Google's cached date = last request date

Vanessa Fox, a member of the crawl team at Google, announced on Tuesday that Google would start posting the last request date on their cached pages. Google used to only indicate the date that the page was last retrieved, so if Google made an If-Modified-Since request and the web server responded with a 304 (not modified) response, the cached date would be left unchanged. Now the cached date will indicate the date of the 200 or 304 response. Matt Cutts also discussed this change and even made a little video for those that needed a visual explanation.

Frankly, I was very surprised to learn that Google’s cache date worked this way. In effect, it’s was much like Yahoo’s Last-Modified date… it was really just an indication as to when they noticed the page changed. I have crawl data from 2005 that indicates Google would periodically issue regular HTTP GET requests, possibly just to verify that the content had indeed not been changing.

I’m not totally sure what MSN’s cache date is indicating. From my 2005 crawl data, MSN apparently never issued an If-Modified-Since request.
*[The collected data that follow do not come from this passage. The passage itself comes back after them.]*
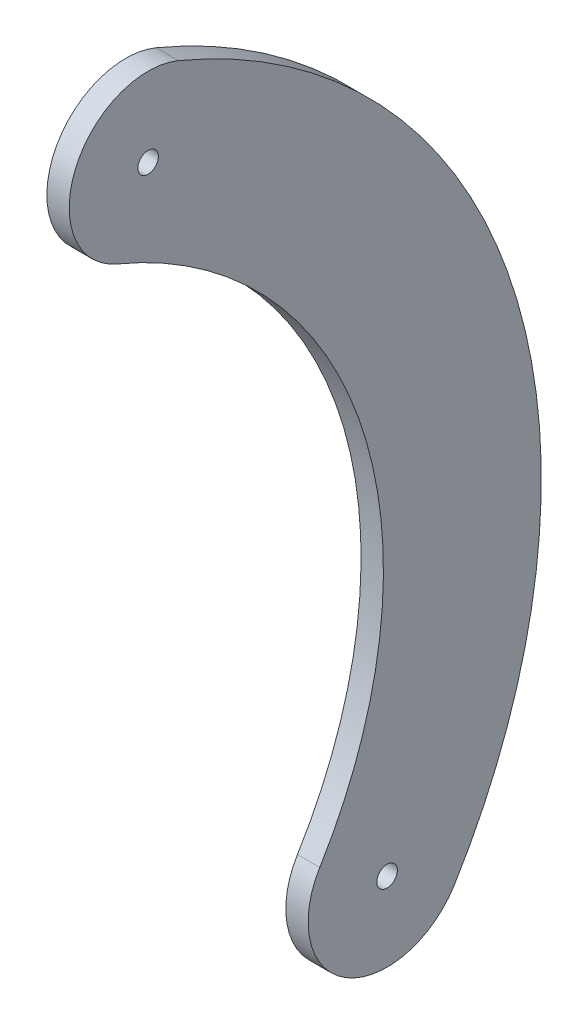
from build123d import *

# Parameters (mm, degrees)
SKETCH1_R           = 2.6067
BOSS_EXTRUDE1_DEPTH = 5.661


with BuildPart() as part:
    # Sketch1 → Boss-Extrude1 (new body)
    with BuildSketch(Plane(origin=(0, 0, 0), x_dir=(0, 0, -1), z_dir=(1, 0, 0))):
        with BuildLine():
            ThreePointArc((47.322565062, -103.92661132), (62.088183898, 20.109978147), (-22.594009606, 111.936037246))
            ThreePointArc((-22.594009606, 111.936037246), (-48.740767362, 101.149607863), (-37.954337979, 75.002850107))
            ThreePointArc((-37.954337979, 75.002850107), (24.03446637, 7.784614771), (13.225782523, -83.012276033))
            ThreePointArc((13.225782523, -83.012276033), (19.817006149, -110.517834946), (47.322565062, -103.92661132))
        make_face()
        with Locations((-30.274173793, 93.469443676)):
            Circle(SKETCH1_R, mode=Mode.SUBTRACT)
        with Locations((30.274173793, -93.469443676)):
            Circle(SKETCH1_R, mode=Mode.SUBTRACT)
    extrude(amount=BOSS_EXTRUDE1_DEPTH)


solid = part.part
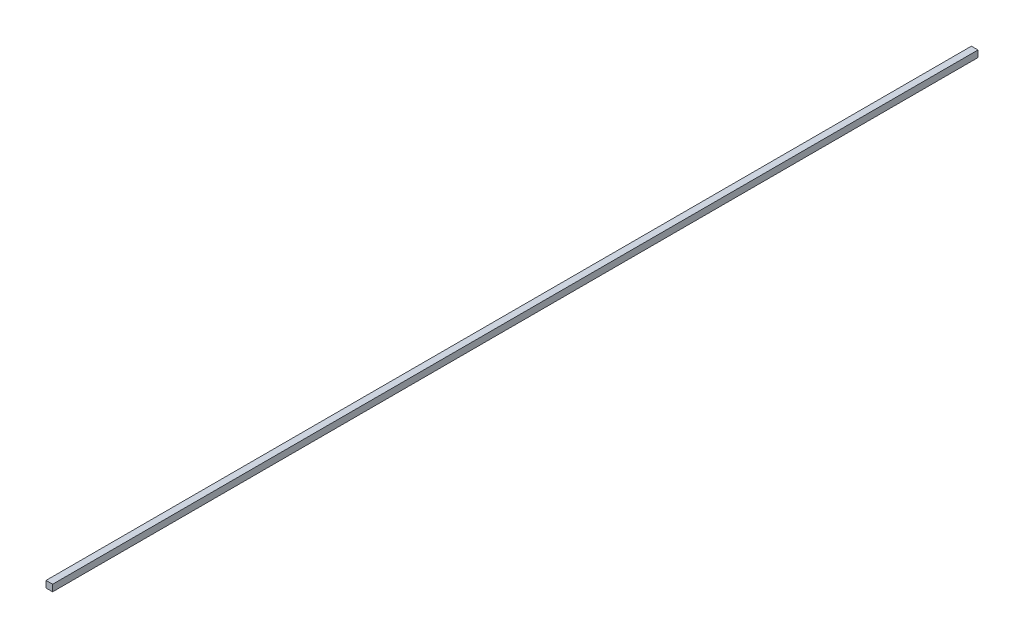
from build123d import *

# Parameters (mm, degrees)
ESQUISSE2_W        = 10
ESQUISSE2_H        = 10
BOSS_EXTRU_1_DEPTH = 700


with BuildPart() as part:
    # Esquisse2 → Boss.-Extru.1 (new, symmetric)
    with BuildSketch(Plane.XY):
        Rectangle(ESQUISSE2_W, ESQUISSE2_H)
    extrude(amount=BOSS_EXTRU_1_DEPTH, both=True)


solid = part.part
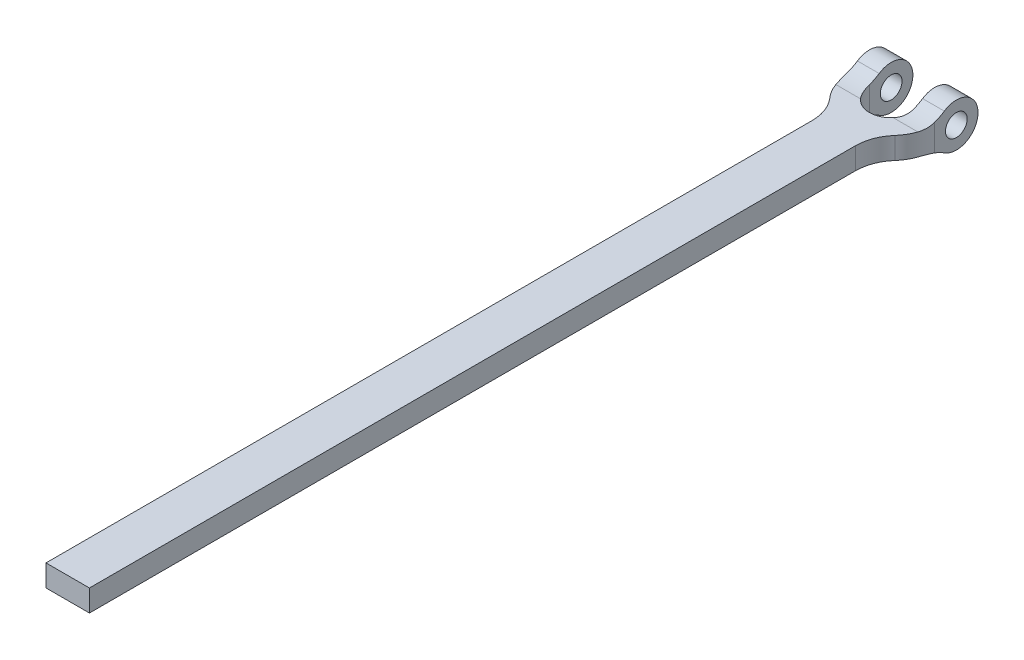
from build123d import *

# Parameters (mm, degrees)
BOSS_EXTRUDE1_DEPTH = 10
CUT_EXTRUDE5_DEPTH  = 103.46950766


with BuildPart() as part:
    # Sketch1 → Boss-Extrude1 (new body)
    with BuildSketch(Plane(origin=(0, 0, 0), x_dir=(1, 0, 0), z_dir=(0, 1, 0))):
        with BuildLine():
            ThreePointArc((5, 90), (0, 85), (-5, 90))
            Line((-5, 90), (-5, 98.660254038))
            ThreePointArc((-5, 98.660254038), (-8.660254037, 95.000000002), (-10, 90.000000004))
            ThreePointArc((-10, 90.000000004), (-9.354143468, 86.464466096), (-7.5, 83.385621722))
            ThreePointArc((-7.5, 83.385621722), (-5.645856533, 80.306777351), (-5, 76.771243445))
            Line((-5, 76.771243445), (-5, -100))
            Line((-5, -100), (5, -100))
            Line((5, -100), (5, 76.771243445))
            ThreePointArc((5, 76.771243445), (5.645856533, 80.306777351), (7.5, 83.385621722))
            ThreePointArc((7.5, 83.385621722), (9.354143466, 86.464466092), (10, 89.999999995))
            ThreePointArc((10, 89.999999995), (8.660254039, 94.999999998), (5, 98.660254038))
            Line((5, 98.660254038), (5, 90))
        make_face()
        with BuildLine():
            Line((5, 100), (5, 98.660254038))
            ThreePointArc((5, 98.660254038), (8.660254039, 94.999999998), (10, 89.999999995))
            Line((10, 89.999999995), (10, 100))
            Line((10, 100), (5, 100))
        make_face()
        with BuildLine():
            ThreePointArc((-10, 90.000000004), (-8.660254037, 95.000000002), (-5, 98.660254038))
            Line((-5, 98.660254038), (-5, 100))
            Line((-5, 100), (-10, 100))
            Line((-10, 100), (-10, 90.000000004))
        make_face()
    extrude(amount=BOSS_EXTRUDE1_DEPTH)

    # Sketch2 → Cut-Extrude5 (cut, through all)
    with BuildSketch(Plane.ZY.offset(10)):
        with BuildLine():
            ThreePointArc((-92.237664695, 9.165798128), (-91.153608851, 8.540893309), (-90, 8.056259709))
            Line((-90, 8.056259709), (-90, 10))
            Line((-90, 10), (-100, 10))
            Line((-100, 10), (-100, 0))
            Line((-100, 0), (-90, 0))
            Line((-90, 0), (-90, 1.943740291))
            ThreePointArc((-90, 1.943740291), (-91.153608851, 1.459106691), (-92.237664695, 0.834201872))
            ThreePointArc((-92.237664695, 0.834201872), (-99.998436794, 5), (-92.237664695, 9.165798128))
        make_face()
        with BuildLine():
            ThreePointArc((-90, 8.056259709), (-88.378988868, 7.640045565), (-86.711266306, 7.5))
            Line((-86.711266306, 7.5), (99.557534865, 7.5))
            Line((99.557534865, 7.5), (99.557534865, 2.5))
            Line((99.557534865, 2.5), (-86.711266306, 2.5))
            ThreePointArc((-86.711266306, 2.5), (-88.378988868, 2.359954435), (-90, 1.943740291))
            Line((-90, 1.943740291), (-90, 0))
            Line((-90, 0), (-83.385621722, 0))
            Line((-83.385621722, 0), (-76.771243445, 0))
            Line((-76.771243445, 0), (100, 0))
            Line((100, 0), (100, 10))
            Line((100, 10), (-76.771243445, 10))
            Line((-76.771243445, 10), (-83.385621722, 10))
            Line((-83.385621722, 10), (-90, 10))
            Line((-90, 10), (-90, 8.056259709))
        make_face()
        with BuildLine():
            ThreePointArc((-92.5, 5), (-93.232233047, 6.767766953), (-95, 7.5))
            Line((-95, 7.5), (-95, 2.5))
            ThreePointArc((-95, 2.5), (-93.232233047, 3.232233047), (-92.5, 5))
        make_face()
        with BuildLine():
            Line((-95, 2.5), (-95, 7.5))
            ThreePointArc((-95, 7.5), (-97.5, 5), (-95, 2.5))
        make_face()
    extrude(amount=-CUT_EXTRUDE5_DEPTH, mode=Mode.SUBTRACT)


solid = part.part
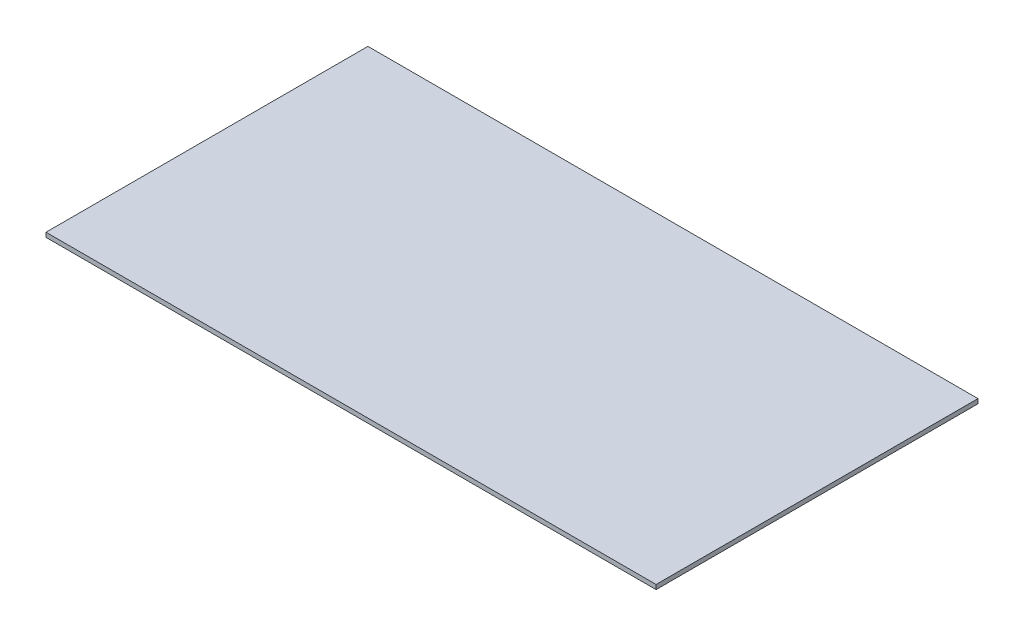
from build123d import *

# Parameters (mm, degrees)
SKETCH1_W           = 431.8
SKETCH1_H           = 227.838
BOSS_EXTRUDE1_DEPTH = 3.175


with BuildPart() as part:
    # Sketch1 → Boss-Extrude1 (new body)
    with BuildSketch(Plane(origin=(0, 0, 0), x_dir=(1, 0, 0), z_dir=(0, 1, 0))):
        with Locations((215.9, 113.919)):
            Rectangle(SKETCH1_W, SKETCH1_H)
    extrude(amount=BOSS_EXTRUDE1_DEPTH)


solid = part.part
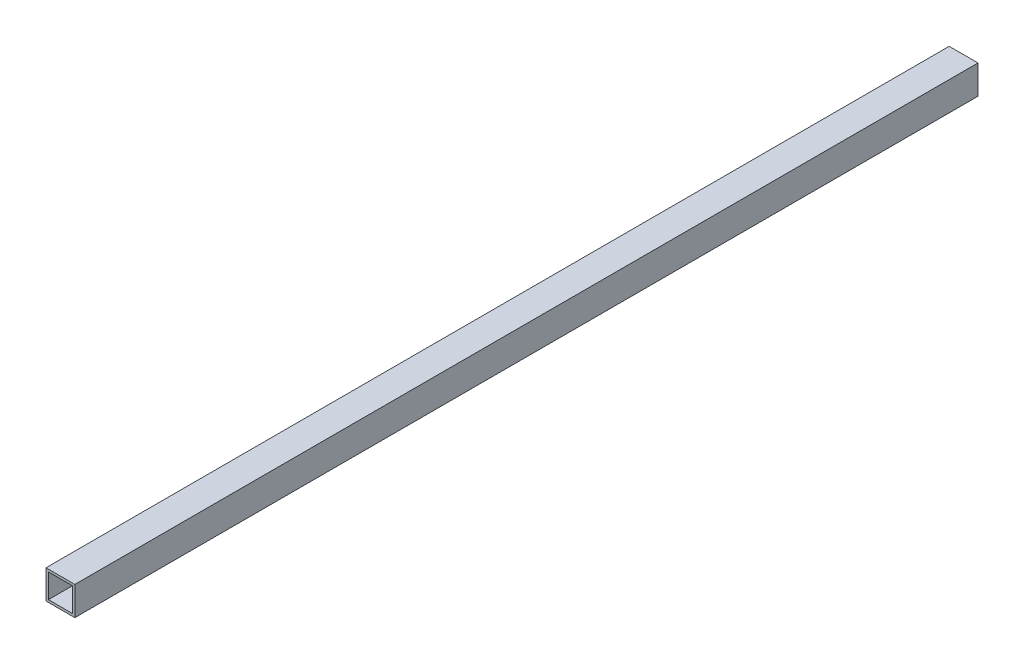
from build123d import *

# Parameters (mm, degrees)
BOSS_EXTRUDE1_DEPTH      = 596.9
BOSS_EXTRUDE1_DEPTH_BACK = 596.9
SKETCH3_W                = 38.1
SKETCH3_H                = 38.1
SKETCH3_W_2              = 31.75
SKETCH3_H_2              = 31.75


with BuildPart() as part:
    # Sketch3 → Boss-Extrude1 (new, two sides: drawn at the far end of the back side and taken through both)
    with BuildSketch(Plane.XY.offset(-BOSS_EXTRUDE1_DEPTH_BACK)):
        Rectangle(SKETCH3_W, SKETCH3_H)
        Rectangle(SKETCH3_W_2, SKETCH3_H_2, mode=Mode.SUBTRACT)
    extrude(amount=BOSS_EXTRUDE1_DEPTH + BOSS_EXTRUDE1_DEPTH_BACK)


solid = part.part
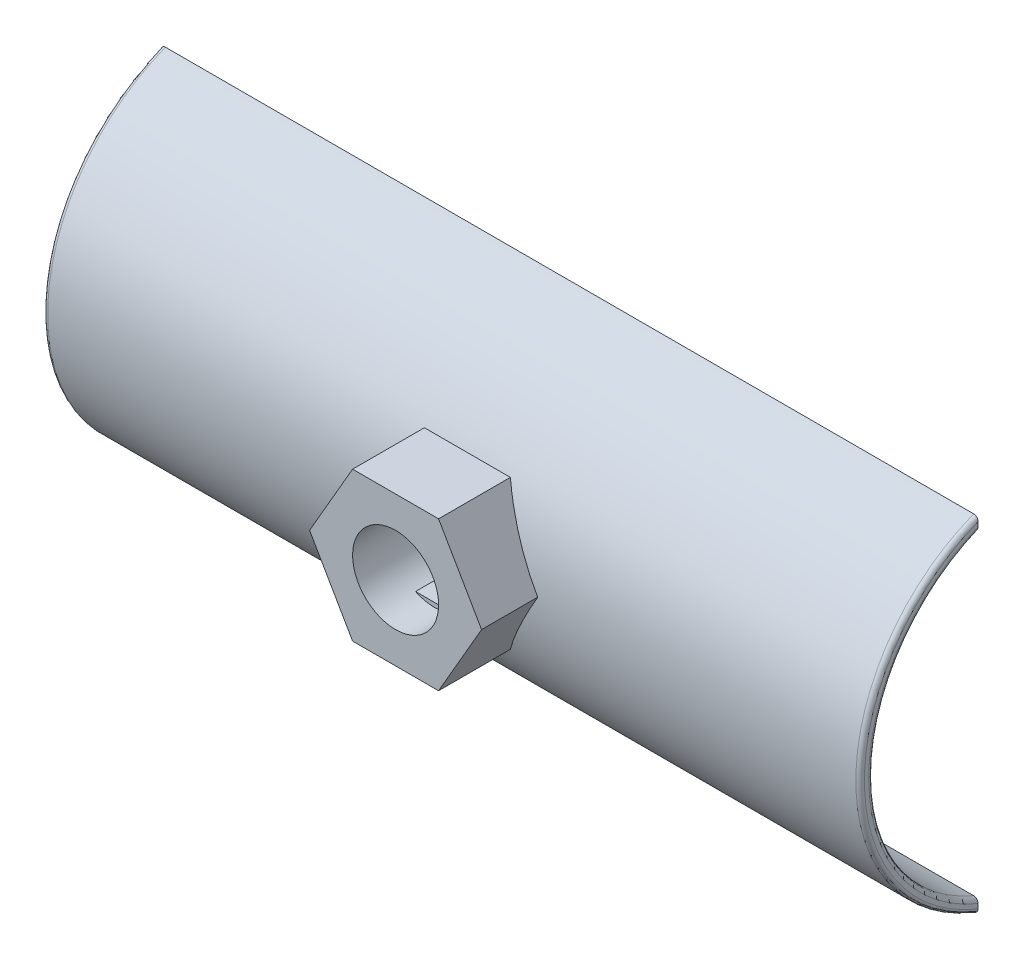
from build123d import *

# Parameters (mm, degrees)
BOSS_EXTRUDE1_DEPTH      = 20
CUT_EXTRUDE1_DEPTH       = 11
SKETCH4_R                = 10
CUT_EXTRUDE2_DEPTH       = 11
BOSS_EXTRUDE2_DEPTH      = 95
BOSS_EXTRUDE2_DEPTH_BACK = 95
SKETCH6_R                = 40
CUT_EXTRUDE3_DEPTH       = 196.258176901
CUT_EXTRUDE4_DEPTH       = 108.806733567
FILLET1_R                = 1


with BuildPart() as part:
    # Sketch1 → Boss-Extrude1 (new body)
    with BuildSketch(Plane.XY):
        Polygon((10, -17.320508076), (20, 0), (10, 17.320508076), (-10, 17.320508076), (-20, 0), (-10, -17.320508076), align=None)
    extrude(amount=BOSS_EXTRUDE1_DEPTH)

    # Sketch3 → Cut-Extrude1 (cut)
    with BuildSketch(Plane(origin=(0, 0, 0), x_dir=(-1, 0, 0), z_dir=(0, 0, -1))):
        with BuildLine():
            Line((4.358898944, 9), (-4.358898944, 9))
            ThreePointArc((-4.358898944, 9), (-10, 0), (-4.358898944, -9))
            Line((-4.358898944, -9), (4.358898944, -9))
            ThreePointArc((4.358898944, -9), (8.473163206, -5.310885546), (10, 0))
            ThreePointArc((10, 0), (8.473163206, 5.310885546), (4.358898944, 9))
        make_face()
    extrude(amount=-CUT_EXTRUDE1_DEPTH, mode=Mode.SUBTRACT)

    # Sketch4 → Cut-Extrude2 (cut)
    with BuildSketch(Plane(origin=(0, 0, 11), x_dir=(-1, 0, 0), z_dir=(0, 0, -1))):
        Circle(SKETCH4_R)
    extrude(amount=-CUT_EXTRUDE2_DEPTH, mode=Mode.SUBTRACT)

    # Sketch5 → Boss-Extrude2 (add, two sides: drawn at the far end of the back side and taken through both)
    with BuildSketch(Plane(origin=(0, 0, 0), x_dir=(0, 0, -1), z_dir=(1, 0, 0)).offset(-BOSS_EXTRUDE2_DEPTH_BACK)):
        with BuildLine():
            Line((20.478916174, 40.079541402), (20.478916174, 36.84249773))
            ThreePointArc((20.478916174, 36.84249773), (-3.944487245, 0), (20.478916174, -36.84249773))
            Line((20.478916174, -36.84249773), (20.478916174, -40.079541402))
            ThreePointArc((20.478916174, -40.079541402), (-6.944487245, 0), (20.478916174, 40.079541402))
        make_face()
    extrude(amount=BOSS_EXTRUDE2_DEPTH + BOSS_EXTRUDE2_DEPTH_BACK)

    # Sketch6 → Cut-Extrude3 (cut, through all)
    with BuildSketch(Plane(origin=(95, 0, 0), x_dir=(0, 0, -1), z_dir=(1, 0, 0))):
        with Locations((36.055512755, 0)):
            Circle(SKETCH6_R)
    extrude(amount=-CUT_EXTRUDE3_DEPTH, mode=Mode.SUBTRACT)

    # Sketch7 → Cut-Extrude4 (cut, through all)
    with BuildSketch(Plane.XY.offset(11)):
        with BuildLine():
            Line((-4.358898944, 9), (4.358898944, 9))
            ThreePointArc((4.358898944, 9), (10, 0), (4.358898944, -9))
            Line((4.358898944, -9), (-4.358898944, -9))
            ThreePointArc((-4.358898944, -9), (-10, 0), (-4.358898944, 9))
        make_face()
    extrude(amount=-CUT_EXTRUDE4_DEPTH, mode=Mode.SUBTRACT)

    # Fillet1
    fillet1_edges = [part.edges().sort_by_distance(p)[0] for p in [
        (-95, 0, 6.944487245),
        (-95, 0, 3.944487245),
        (95, 0, 6.944487245),
        (95, 0, 3.944487245),
    ]]
    fillet(fillet1_edges, radius=FILLET1_R)


solid = part.part
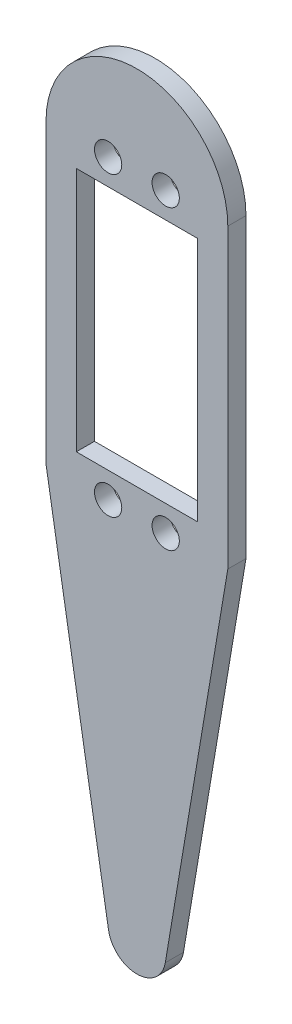
from build123d import *

# Parameters (mm, degrees)
SKETCH1_R           = 2.25
SKETCH1_W           = 20
SKETCH1_H           = 40.5
BOSS_EXTRUDE1_DEPTH = 3


with BuildPart() as part:
    # Sketch1 → Boss-Extrude1 (new body)
    with BuildSketch(Plane.XY):
        with BuildLine():
            Line((-5, 44.75), (-5, -4.25))
            Line((-5, -4.25), (5.31559474, -65.676668518))
            ThreePointArc((5.31559474, -65.676668518), (10, -69.64), (14.68440526, -65.676668518))
            Line((14.68440526, -65.676668518), (25, -4.25))
            Line((25, -4.25), (25, 44.75))
            ThreePointArc((25, 44.75), (10, 59.75), (-5, 44.75))
        make_face()
        with Locations((14.75, -4.25)):
            Circle(SKETCH1_R, mode=Mode.SUBTRACT)
        with Locations((5.25, -4.25)):
            Circle(SKETCH1_R, mode=Mode.SUBTRACT)
        with Locations((14.75, 44.75)):
            Circle(SKETCH1_R, mode=Mode.SUBTRACT)
        with Locations((5.25, 44.75)):
            Circle(SKETCH1_R, mode=Mode.SUBTRACT)
        with Locations((10, 20.25)):
            Rectangle(SKETCH1_W, SKETCH1_H, mode=Mode.SUBTRACT)
    extrude(amount=BOSS_EXTRUDE1_DEPTH)


solid = part.part

If they are still operating with the same crawl policy, then they are storing the time they last contacted the web server, so their cache date would indicate the same thing as Google’s.

What this means for Warrick: Google will more frequently now have the most recent version of a page. Therefore Google’s overall percentage of contributed resources will likely increase in the reconstructions I’ve been performing the last few weeks.

On a side note, someone asked Matt Cutts why Google does not post the cached date of PDFs, and Matt said he was going to ask the crawl team about it.